When you buy a house it’s an investment. You live in it, take care of it and one day hope to sell it for more than you bought it for. In other words…A return on your investment (ROI).

In sports handicapping it’s no different.

Sports handicapping can be compared (and often is) to playing the stock market. An investor (the bettor) risks capital by purchasing a certain amount of stock (or making a bet) of a company (or team). If the team or business exceeds expectations, a profit is found.

Here are a few simple numbers to help the average sports handicapper to better understand.

The return on an investment is calculated simply as the profit divided by the total amount risked. Let’s say we make a 100 $100 bets. Then let’s say 50 of those bets turn out to be winners and the other 50 are losers. Taking into account the vigorish is 11/10, which means the bettor is going to be down $500. Showing a -$500 after a total risk of $1100.

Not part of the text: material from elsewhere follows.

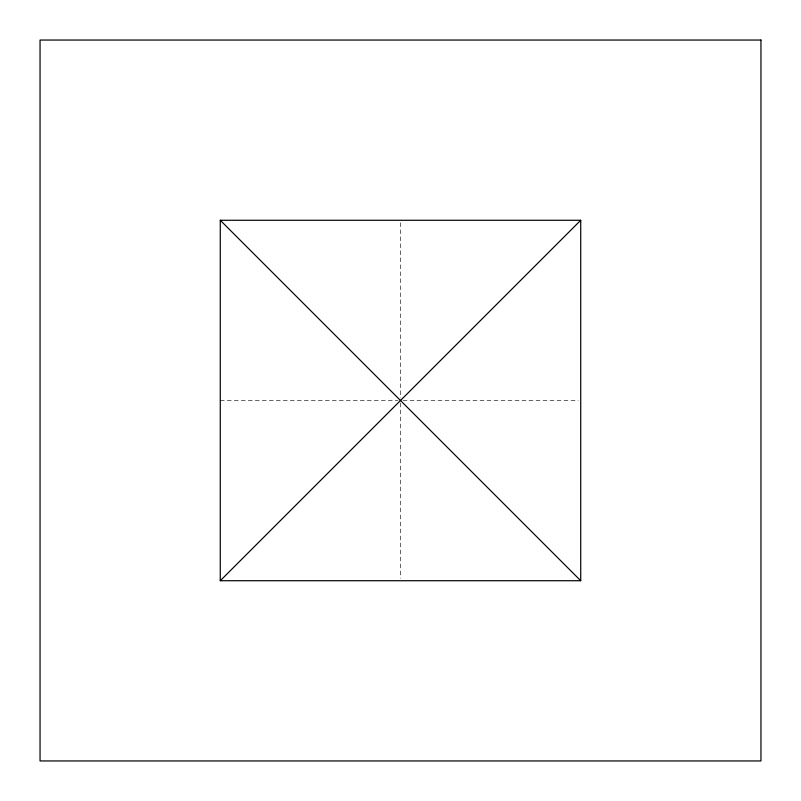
<?xml version="1.0" encoding="UTF-8"?>
<svg xmlns="http://www.w3.org/2000/svg" width="801" height="801" viewBox="0 0 801 801"><rect width="100%" height="100%" fill="white"/><g stroke="black" fill="none" stroke-linecap="round" stroke-linejoin="round"><path stroke-width="0.6" stroke-dasharray="4 3" d="M220.275 400.5L397.997 400.5M403.003 400.5L578.222 400.5M400.5 222.778L400.5 397.997M400.5 402.983L400.5 578.242"/><path stroke-width="1.2" d="M220.275 580.725L580.725 220.275L220.275 220.275L220.275 580.725L580.725 580.725L580.725 220.275M220.275 220.275L580.725 580.725M760.95 40.05L40.05 40.05L40.05 760.95L760.95 760.95L760.95 40.05"/></g></svg>

In other words…the bettor must win at least 53% of his wagers to cover the vigorish. This ROI creates a +1.2%. Not exactly great news, but it can get much better. Check this out.

Following the same pretext, picking winners at a 55% rate creates a +5% ROI and a 60% (some of the best handicappers in the world never hit more than 60%) success gives you a +14.5% ROI. Not Bad! Considering most stockbrokers consider a 10% return on their portfolio to be a fantastic year.

So just how do professional sports handicappers become successful? Betting only what their bankroll will allow (usually no more than 5%), betting the same amount on each game and discipline.

That last part is worth saying again…DISCIPLINE!